Comedian and author Sarah Silverman, along with authors Christopher Golden and Richard Kadrey, have filed lawsuits against OpenAI and Meta, alleging copyright infringement. The lawsuits claim that OpenAI’s ChatGPT and Meta’s LLaMA were trained on datasets that contained their works, which were allegedly obtained illegally from shadow library websites. These websites, such as Bibliotik, Library Genesis, and Z-Library, offer books in bulk through torrent systems.
The plaintiffs argue that when ChatGPT is prompted, it generates summaries of their copyrighted works, indicating that it was trained on their materials. They further allege that the chatbot does not reproduce any of the copyright information included in their published works. In the case against Meta, the authors claim that their books were accessible in datasets used to train Meta’s LLaMA models.
Sarah Silverman holds a registered copyright for her book The Bedwetter, while Christopher Golden and Richard Kadrey own registered copyrights for multiple books, including Ararat and Sandman Slim respectively. Both lawsuits state that the authors did not provide consent for their copyrighted works to be used as training material for the companies’ AI models.
The lawsuits include six counts of copyright violations, as well as claims of negligence, unjust enrichment, and unfair competition. The authors seek statutory damages, restitution of profits, and other appropriate remedies. Meta and OpenAI have not commented on the lawsuits.
The allegations primarily revolve around the accusation that OpenAI’s ChatGPT and Meta’s LLaMA were trained on illegally obtained datasets containing the copyrighted works of the plaintiffs. The availability of these books on shadow library websites, where they are accessible through torrent systems, forms the basis of the lawsuits.

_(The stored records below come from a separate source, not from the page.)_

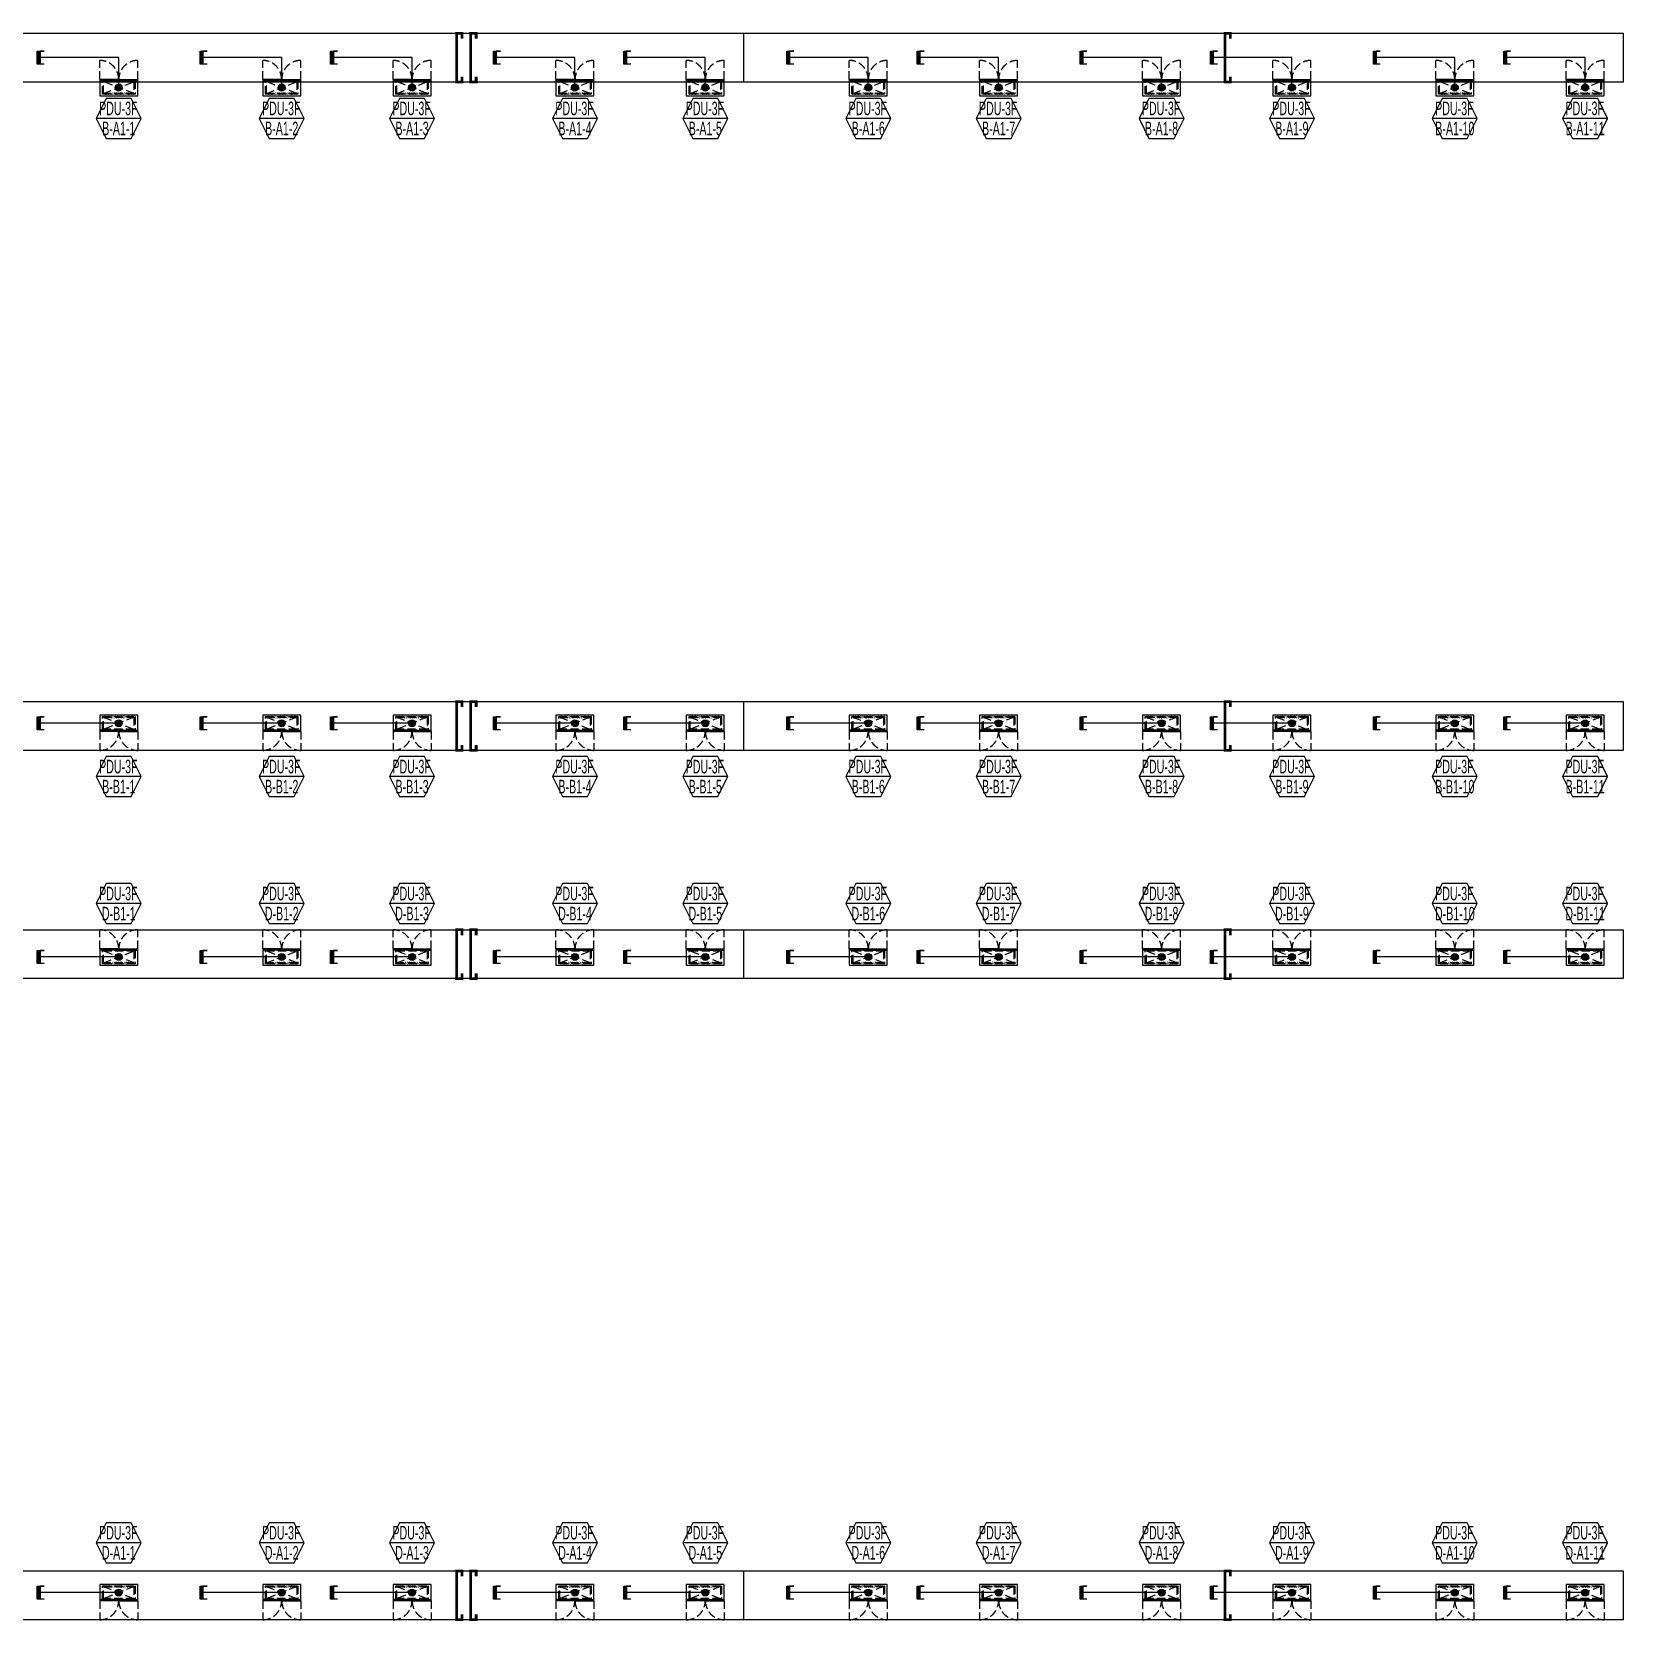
# Model space of a CAD drawing. Header units: millimetres. Extents: x 33932 to 374132, y 182625 to 847314.
# Drawn here: x 134304 to 163604, y 292080 to 321330 of the extents above; entities that cross this region are included whole.
import ezdxf
from ezdxf.enums import TextEntityAlignment as Align

# ---------------------------------------------------------------- set-up
doc = ezdxf.new("R2010")
doc.units = ezdxf.units.MM
doc.header["$LTSCALE"] = 150
doc.linetypes.add('LH2', pattern=[2.85, 2, -0.85])
for name, color, linetype in [('------00 Switch Gear_Number', 1, 'Continuous'), ('------01 Distribution Panel_PDU_A', 3, 'Continuous'), ('------01 Distribution Panel_PDU_B', 1, 'Continuous'), ('-----00 LV_CABLE', 3, 'Continuous'), ('-----26 Electrical Cable Tray_LV_STSPDU_A', 181, 'Continuous'), ('-----26 Electrical Cable Tray_LV_STSPDU_B', 41, 'Continuous')]:
    doc.layers.add(name, color=color, linetype=linetype)
doc.styles.add('ELEC', font='')
doc.styles.get('ELEC').set_extended_font_data('Dotum')

# ---------------------------------------------------------------- blocks, each defined once
blk = doc.blocks.new('PDU_400AF_1')
at = {"color": 8, "linetype": 'LH2', "ltscale": 0.5}
for p, q in [((-350, 300), (-350, 649)), ((350, 300), (350, 649)), ((280, 40), (-280, 260)), ((-280, 40), (280, 260)), ((-1, 275), (19, 275))]:
    blk.add_line(p, q, dxfattribs=at)
for p, q in [((-1, 300), (-350, 300)), ((-350, 300), (-350, 0)), ((-1, 300), (-1, 276)), ((1, 300), (350, 300)), ((1, 300), (1, 276)), ((350, 0), (350, 300)), ((-1, 276), (-350, 276)), ((-350, 0), (350, 0)), ((1, 276), (350, 276))]:
    blk.add_line(p, q)
for points in [[(-300, 275), (300, 275), (300, 25), (-300, 25)], [(-280, 260), (280, 260), (280, 40), (-280, 40)]]:
    blk.add_lwpolyline(points, close=True, dxfattribs=at)
for centre, radius in [((-290, 267.5), 3), ((-290, 32.5), 3), ((-290, 267.5), 2), ((-290, 32.5), 2), ((-10, 267.5), 3), ((-10, 32.5), 3), ((-10, 267.5), 2), ((-10, 32.5), 2), ((10, 267.5), 3), ((10, 32.5), 3), ((10, 267.5), 2), ((10, 32.5), 2), ((290, 267.5), 3), ((290, 32.5), 3), ((290, 267.5), 2), ((290, 32.5), 2)]:
    blk.add_circle(centre, radius, dxfattribs=at)
for centre, start, end in [((-350, 300), 0, 90), ((350, 300), 90, 180)]:
    blk.add_arc(centre, 349, start, end, dxfattribs=at)
at = {"color": 8, "linetype": 'LH2', "ltscale": 0.5, "style": 'ELEC'}
blk.add_text('PDU 400AF/400AT', height=50, dxfattribs=at).set_placement((-10.6, 38.6), align=Align.MIDDLE)
blk = doc.blocks.new('A$C9a0ab699')
h = blk.add_hatch(color=0)
edge = h.paths.add_edge_path()
edge.add_arc((64, 64), 64, 720, 1080, ccw=False)
at = {"color": 0}
blk.add_circle((64, 64), 64, dxfattribs=at)
blk = doc.blocks.new('O08')
blk.add_hatch(color=0).paths.add_polyline_path([(120, 51), (-120, 51), (-120, 0), (120, 0)])
at = {"color": 0}
blk.add_lwpolyline([(120, 127.5), (120, 0), (-120, 0), (-120, 127.5), (-120, 51), (120, 51)], dxfattribs=at)

msp = doc.modelspace()

# ---------------------------------------------------------------- linework, layer by layer
at = {"layer": '------00 Switch Gear_Number', "color": 1, "lineweight": -2}
for points in [[(136318, 319736), (135489, 319736), (135673, 319368), (136134, 319368), (136318, 319736), (136134, 320105), (135673, 320105), (135489, 319736)], [(139318, 319736), (138489, 319736), (138673, 319368), (139134, 319368), (139318, 319736), (139134, 320105), (138673, 320105), (138489, 319736)], [(141718, 319736), (140889, 319736), (141073, 319368), (141534, 319368), (141718, 319736), (141534, 320105), (141073, 320105), (140889, 319736)], [(144718, 319736), (143889, 319736), (144073, 319368), (144534, 319368), (144718, 319736), (144534, 320105), (144073, 320105), (143889, 319736)], [(147118, 319736), (146289, 319736), (146473, 319368), (146934, 319368), (147118, 319736), (146934, 320105), (146473, 320105), (146289, 319736)], [(150118, 319736), (149289, 319736), (149473, 319368), (149934, 319368), (150118, 319736), (149934, 320105), (149473, 320105), (149289, 319736)], [(152518, 319736), (151689, 319736), (151873, 319368), (152334, 319368), (152518, 319736), (152334, 320105), (151873, 320105), (151689, 319736)], [(155518, 319736), (154689, 319736), (154873, 319368), (155334, 319368), (155518, 319736), (155334, 320105), (154873, 320105), (154689, 319736)], [(157918, 319736), (157089, 319736), (157273, 319368), (157734, 319368), (157918, 319736), (157734, 320105), (157273, 320105), (157089, 319736)], [(160918, 319736), (160089, 319736), (160273, 319368), (160734, 319368), (160918, 319736), (160734, 320105), (160273, 320105), (160089, 319736)], [(163318, 319736), (162489, 319736), (162673, 319368), (163134, 319368), (163318, 319736), (163134, 320105), (162673, 320105), (162489, 319736)], [(136318, 307624), (135489, 307624), (135673, 307255), (136134, 307255), (136318, 307624), (136134, 307992), (135673, 307992), (135489, 307624)], [(139318, 307624), (138489, 307624), (138673, 307255), (139134, 307255), (139318, 307624), (139134, 307992), (138673, 307992), (138489, 307624)], [(141718, 307624), (140889, 307624), (141073, 307255), (141534, 307255), (141718, 307624), (141534, 307992), (141073, 307992), (140889, 307624)], [(144718, 307624), (143889, 307624), (144073, 307255), (144534, 307255), (144718, 307624), (144534, 307992), (144073, 307992), (143889, 307624)], [(147118, 307624), (146289, 307624), (146473, 307255), (146934, 307255), (147118, 307624), (146934, 307992), (146473, 307992), (146289, 307624)], [(150118, 307624), (149289, 307624), (149473, 307255), (149934, 307255), (150118, 307624), (149934, 307992), (149473, 307992), (149289, 307624)], [(152518, 307624), (151689, 307624), (151873, 307255), (152334, 307255), (152518, 307624), (152334, 307992), (151873, 307992), (151689, 307624)], [(155518, 307624), (154689, 307624), (154873, 307255), (155334, 307255), (155518, 307624), (155334, 307992), (154873, 307992), (154689, 307624)], [(157918, 307624), (157089, 307624), (157273, 307255), (157734, 307255), (157918, 307624), (157734, 307992), (157273, 307992), (157089, 307624)], [(160918, 307624), (160089, 307624), (160273, 307255), (160734, 307255), (160918, 307624), (160734, 307992), (160273, 307992), (160089, 307624)], [(163318, 307624), (162489, 307624), (162673, 307255), (163134, 307255), (163318, 307624), (163134, 307992), (162673, 307992), (162489, 307624)], [(136318, 305286), (135489, 305286), (135673, 304918), (136134, 304918), (136318, 305286), (136134, 305655), (135673, 305655), (135489, 305286)], [(139318, 305286), (138489, 305286), (138673, 304918), (139134, 304918), (139318, 305286), (139134, 305655), (138673, 305655), (138489, 305286)], [(141718, 305286), (140889, 305286), (141073, 304918), (141534, 304918), (141718, 305286), (141534, 305655), (141073, 305655), (140889, 305286)], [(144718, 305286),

Silverman, Golden, and Kadrey contend that ChatGPT’s ability to generate summaries of their copyrighted works implies that it was trained on their specific materials. Additionally, they highlight the lack of reproduction of any copyright management information by the chatbot. In a separate lawsuit against Meta, the presence of the authors’ books in the datasets used to train LLaMA is emphasized.
The lawsuits highlight the registered copyrights held by the authors and their explicit lack of consent for their works to be used for AI model training purposes. The legal action covers multiple alleged infringements, including copyright violations, negligence, unjust enrichment, and unfair competition. The plaintiffs are seeking various forms of compensation, including statutory damages and restitution of profits.
OpenAI and Meta have refrained from commenting on the lawsuits so far. The cases address the central claim that ChatGPT and LLaMA were trained on datasets containing the plaintiffs’ copyrighted works, which were purportedly acquired illegally from shadow library websites offering books in bulk via torrent systems.